- Born: Michael Damien Rust Colorado Springs, Colorado
- Died: March 31, 2009 (55) Saguache County, Colorado
- Other name: 'Mike the Bike'
- Known for: Bike building, mountain biking

= Mike Rust =

Cyclist

Mike Rust (died March 31, 2009) was an American cyclist and bicycle framebuilder, and is considered one of the forefathers of mountain biking.

==Early life==
Mike Rust was born in Colorado Springs, Colorado and was the fourth of eight children. During his teenage years, Rust enjoyed building and riding bikes and also built a motorcycle, hiding the chassis from his parents by storing it under his bed. In the seventh grade he built his first mountain bike with 20-inch wheels, flat handlebars and a leather seat. Cycling was a passion amongst Rust and his brothers, who were known as the 'Rolling Rust Brothers', and they enjoyed riding penny-farthing bicycles together.

==Cycling==
Rust road raced in the 1970s in Colorado and became a member of United States Cycling Federation. During the 1980s, he and a group of friends set off on a 400-mile trek from Colorado Springs, crossing the Great Divide and aiming to get to Crested Butte. Rust stayed in Crested Butte, working at several bike shops and modifying bikes and taking part in the developing mountain biking scene. After spending some time in Arizona working at Bisbee Bicycles he returned to Crested Butte and continued modifying bikes to make them more suitable for mountain riding. Along with friend Don McClung he started Colorado Cyclery in Salida. During his time at Colorado Cyclery he developed an elevated chain stay bike, known as the Shortie.

He won the Colorado State Games Mountain Bike Race in 1989 and was inducted into the Mountain Bike Hall of Fame in 1991.

==Disappearance==
On March 31, 2009, Rust noticed tire tracks on the driveway of his home in the San Luis Valley and when he entered his home he realized it had been burglarized. At 7 PM, he made a call to a friend, Mary Ann Bavaria, frantically saying that he was going to try and track the thieves. He left the groceries he had just bought on the kitchen counter, and rode into the desert on a Honda CRF 250 to try and find the thieves.

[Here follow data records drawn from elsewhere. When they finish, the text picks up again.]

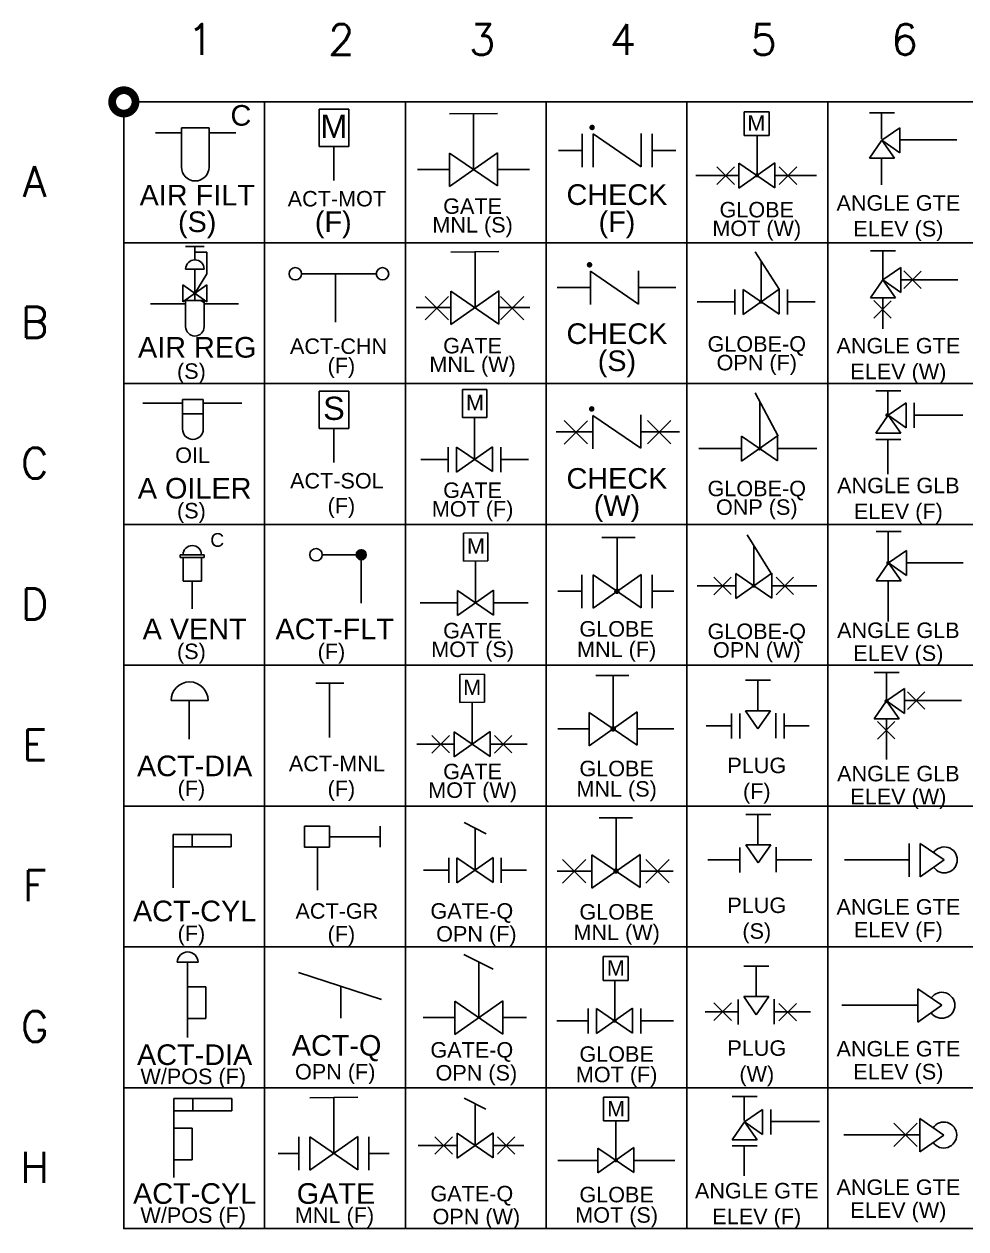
# Model space of a CAD drawing. Extents: x -5.3 to 5, y -1.8 to 1.6.
# Drawn here: x -5.33 to -2.654, y -1.84 to 1.581 of the extents above; entities that cross this region are included whole.
import ezdxf
from ezdxf.enums import TextEntityAlignment as Align

# ---------------------------------------------------------------- set-up
doc = ezdxf.new("R2010")
doc.units = 0
doc.header["$MEASUREMENT"] = 0
for name, color, linetype in [('BLACK', 7, 'CONTINUOUS'), ('EQUIP2', 2, 'CONTINUOUS'), ('GRAY', 4, 'CONTINUOUS'), ('WHITE', 7, 'CONTINUOUS')]:
    doc.layers.add(name, color=color, linetype=linetype)
doc.styles.add('HELVL', font='helvl')
doc.styles.add('REGULAR', font='simplex', dxfattribs={"height": 0.2})

msp = doc.modelspace()

# ---------------------------------------------------------------- linework, layer by layer
at = {"layer": 'BLACK'}
for p, q in [((-4.6467, 1.3606), (-4.6467, 1.3106)), ((-4.6467, -1.8394), (-4.6467, 1.3606)), ((-4.2467, 1.3606), (-4.2467, 1.3106)), ((-4.2467, -1.8394), (-4.2467, 1.3606)), ((-3.8467, 1.3606), (-3.8467, 1.3106)), ((-3.8467, -1.8394), (-3.8467, 1.3606)), ((-3.4467, 1.3606), (-3.4467, 1.3106)), ((-3.4467, -1.8394), (-3.4467, 1.3606)), ((-3.0467, 1.3606), (-3.0467, 1.3106)), ((-3.0467, -1.8394), (-3.0467, 1.3606)), ((4.9533, 0.9606), (-5.0467, 0.9606)), ((-5.0467, 0.9606), (-4.9934, 0.9606)), ((4.9533, 0.5606), (-5.0467, 0.5606)), ((-5.0467, 0.5606), (-4.9934, 0.5606)), ((4.9533, 0.1606), (-5.0467, 0.1606)), ((-5.0467, 0.1606), (-4.9934, 0.1606)), ((4.9533, -0.2394), (-5.0467, -0.2394)), ((-5.0467, -0.2394), (-4.9934, -0.2394)), ((4.9533, -0.6394), (-5.0467, -0.6394)), ((-5.0467, -0.6394), (-4.9934, -0.6394)), ((4.9533, -1.0394), (-5.0467, -1.0394)), ((-5.0467, -1.0394), (-4.9934, -1.0394)), ((4.9533, -1.4394), (-5.0467, -1.4394)), ((-5.0467, -1.4394), (-4.9934, -1.4394))]:
    msp.add_line(p, q, dxfattribs=at)
at = {"layer": 'BLACK', "const_width": 0.0221}
msp.add_lwpolyline([(-5.0799, 1.3606, 1), (-5.0136, 1.3606, 1)], format="xyb", close=True, dxfattribs=at)
at = {"layer": 'EQUIP2'}
for p, q in [((-4.4913, 1.34, 0.5625), (-4.4913, 1.2341, 0.5625)), ((-4.4913, 1.34, 0.5625), (-4.407, 1.34, 0.5625)), ((-4.407, 1.34, 0.5625), (-4.407, 1.2341, 0.5625)), ((-4.1216, 1.3262, 1), (-3.985, 1.3276, 1)), ((-3.2839, 1.3322, 0.75), (-3.2839, 1.2649, 0.75)), ((-3.213, 1.3322, 0.75), (-3.213, 1.2649, 0.75)), ((-4.9565, 1.2728, 0.375), (-4.8832, 1.2728, 0.375)), ((-4.8832, 1.1752, 0.375), (-4.8832, 1.287, 0.5211)), ((-4.8045, 1.1752, 0.375), (-4.8045, 1.287, 0.5211)), ((-4.8045, 1.2728, 0.375), (-4.7282, 1.2728, 0.375)), ((-3.7132, 1.2695, 1), (-3.5766, 1.1763)), ((-2.8422, 1.2869, 0.75), (-2.8934, 1.2519, 0.375)), ((-4.4913, 1.2341, 0.5625), (-4.407, 1.2341, 0.5625)), ((-4.4501, 1.1371, 0.9177), (-4.4501, 1.2341, 1.0444)), ((-2.9283, 1.2007, 0.75), (-2.8934, 1.2519, 0.375)), ((-2.8934, 1.2519, 0.375), (-2.8574, 1.2007, 0.75)), ((-2.8934, 1.2519, 0.375), (-2.8422, 1.2159, 0.75)), ((-2.8422, 1.2524, 0.375), (-2.6804, 1.2524, 0.375)), ((-3.985, 1.2163), (-4.1216, 1.1203, 1)), ((-4.1216, 1.2149, 1), (-3.985, 1.1217)), ((-3.7444, 1.2229, 0.5), (-3.8119, 1.2229, 0.5)), ((-3.5448, 1.2229, 0.5), (-3.4779, 1.2229, 0.5)), ((-4.1216, 1.1683, 0.5), (-4.2122, 1.1683, 0.5)), ((-3.985, 1.1683, 0.5), (-3.8937, 1.1683, 0.5)), ((-3.3121, 1.1263, 0.375), (-3.3618, 1.176, 0.375)), ((-3.3121, 1.1758, 0.375), (-3.3618, 1.1261, 0.375)), ((-3.1967, 1.1871), (-3.2992, 1.1152, 0.75)), ((-3.2992, 1.1861, 0.75), (-3.1967, 1.1162)), ((-3.1347, 1.1263, 0.375), (-3.1844, 1.176, 0.375)), ((-3.1347, 1.1758, 0.375), (-3.1844, 1.1261, 0.375)), ((-4.8438, 1.1359, 0.375), (-4.8438, 1.1359, 0.375)), ((-4.8438, 1.1359, 0.375), (-4.8438, 1.1359, 0.375)), ((-3.2992, 1.1512, 0.375), (-3.4213, 1.1512, 0.375)), ((-3.1967, 1.1512, 0.375), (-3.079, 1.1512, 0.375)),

When Bavaria was unable to reach him the next day, she visited Rust's house with two of his brothers to try and find him. After calling the sheriff and reporting him missing, a search was commenced, with dog tracking teams, helicopters and a fixed-wing aircraft taking part.

Four days after the search commenced a blood-covered vest and the wooden handle of the gun were found. DNA testing would later prove the blood as being Rust's. The missing Honda motorbike was discovered a month later.

==Investigation==
Seven years after his disappearance, the Colorado Bureau of Investigation found human remains in Saguache County on January 8, 2016. Lying five miles from Rust's house, the remains, which included a bicycle-sprocket belt buckle, were confirmed as Rust's on April 25, 2016.
Charles Gonzales was arrested over Rust's death in June 2016.

In December 2017, Gonzales was found guilty of first-degree murder with intent / deliberation, first-degree felony murder, first-degree burglary, theft, tampering with evidence and abuse of a corpse. During the trial, it was revealed that Gonzales had burglarized the house and later shot Rust in the back of the head before burying the body. Gonzales was sentenced to life without parole after the guilty verdict was announced.

==In the media==
A documentary about Rust's life was released in 2015, called The Rider and the Wolf. Made by filmmaker Nathan Ward, it was screened at the 2015 Denver Film Festival.